- EXERCISE DESCRIPTION -
From the data below, repeat exactly the lines from the line with "# Sketch1 →" to the line with "Circle(SKETCH1_R)", both included.

-- Opening Marker --

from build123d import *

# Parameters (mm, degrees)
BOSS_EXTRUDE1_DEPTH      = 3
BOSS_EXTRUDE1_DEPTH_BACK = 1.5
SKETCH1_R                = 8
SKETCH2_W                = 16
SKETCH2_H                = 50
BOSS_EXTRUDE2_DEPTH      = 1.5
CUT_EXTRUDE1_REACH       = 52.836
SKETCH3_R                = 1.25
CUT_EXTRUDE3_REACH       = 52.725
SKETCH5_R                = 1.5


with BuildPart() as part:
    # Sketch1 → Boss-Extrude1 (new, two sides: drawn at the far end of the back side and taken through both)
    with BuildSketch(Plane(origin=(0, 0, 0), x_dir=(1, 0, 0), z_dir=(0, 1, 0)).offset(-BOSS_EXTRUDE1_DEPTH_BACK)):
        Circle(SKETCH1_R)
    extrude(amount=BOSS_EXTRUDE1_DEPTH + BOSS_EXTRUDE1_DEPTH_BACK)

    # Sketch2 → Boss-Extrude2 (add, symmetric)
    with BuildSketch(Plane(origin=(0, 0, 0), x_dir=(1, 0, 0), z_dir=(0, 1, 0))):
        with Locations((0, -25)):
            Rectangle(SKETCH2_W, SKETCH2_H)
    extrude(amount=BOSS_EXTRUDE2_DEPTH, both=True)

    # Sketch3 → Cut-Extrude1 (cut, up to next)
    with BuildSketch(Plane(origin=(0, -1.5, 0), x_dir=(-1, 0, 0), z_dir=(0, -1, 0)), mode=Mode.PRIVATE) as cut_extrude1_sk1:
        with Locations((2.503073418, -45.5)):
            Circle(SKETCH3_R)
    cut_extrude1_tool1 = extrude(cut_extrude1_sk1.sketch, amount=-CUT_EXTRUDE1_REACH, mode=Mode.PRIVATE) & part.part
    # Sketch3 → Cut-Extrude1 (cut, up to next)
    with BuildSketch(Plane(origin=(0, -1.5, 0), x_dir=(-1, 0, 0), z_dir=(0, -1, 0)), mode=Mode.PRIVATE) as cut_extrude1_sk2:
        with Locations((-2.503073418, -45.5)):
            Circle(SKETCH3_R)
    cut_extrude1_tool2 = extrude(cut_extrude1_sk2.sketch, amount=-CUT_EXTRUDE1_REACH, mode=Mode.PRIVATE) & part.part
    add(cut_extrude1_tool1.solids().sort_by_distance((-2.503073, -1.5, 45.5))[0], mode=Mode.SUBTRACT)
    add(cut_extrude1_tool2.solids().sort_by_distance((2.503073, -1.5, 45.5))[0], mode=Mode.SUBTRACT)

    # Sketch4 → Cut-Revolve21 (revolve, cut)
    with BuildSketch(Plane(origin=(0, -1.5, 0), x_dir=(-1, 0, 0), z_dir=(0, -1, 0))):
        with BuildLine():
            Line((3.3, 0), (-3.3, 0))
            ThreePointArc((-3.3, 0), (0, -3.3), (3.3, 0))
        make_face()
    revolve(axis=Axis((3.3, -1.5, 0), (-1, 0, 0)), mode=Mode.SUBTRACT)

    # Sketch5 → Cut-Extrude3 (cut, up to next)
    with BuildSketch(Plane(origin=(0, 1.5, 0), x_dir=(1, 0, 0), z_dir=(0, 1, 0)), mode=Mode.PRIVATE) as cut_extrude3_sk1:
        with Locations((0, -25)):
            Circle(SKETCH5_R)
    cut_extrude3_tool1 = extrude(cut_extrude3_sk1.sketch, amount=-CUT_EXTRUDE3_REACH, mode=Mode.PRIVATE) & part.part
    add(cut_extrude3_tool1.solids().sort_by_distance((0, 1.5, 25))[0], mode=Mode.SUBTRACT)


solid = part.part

-- Closing Marker --

- RESPONSE TO THE TASK -
    # Sketch1 → Boss-Extrude1 (new, two sides: drawn at the far end of the back side and taken through both)
    with BuildSketch(Plane(origin=(0, 0, 0), x_dir=(1, 0, 0), z_dir=(0, 1, 0)).offset(-BOSS_EXTRUDE1_DEPTH_BACK)):
        Circle(SKETCH1_R)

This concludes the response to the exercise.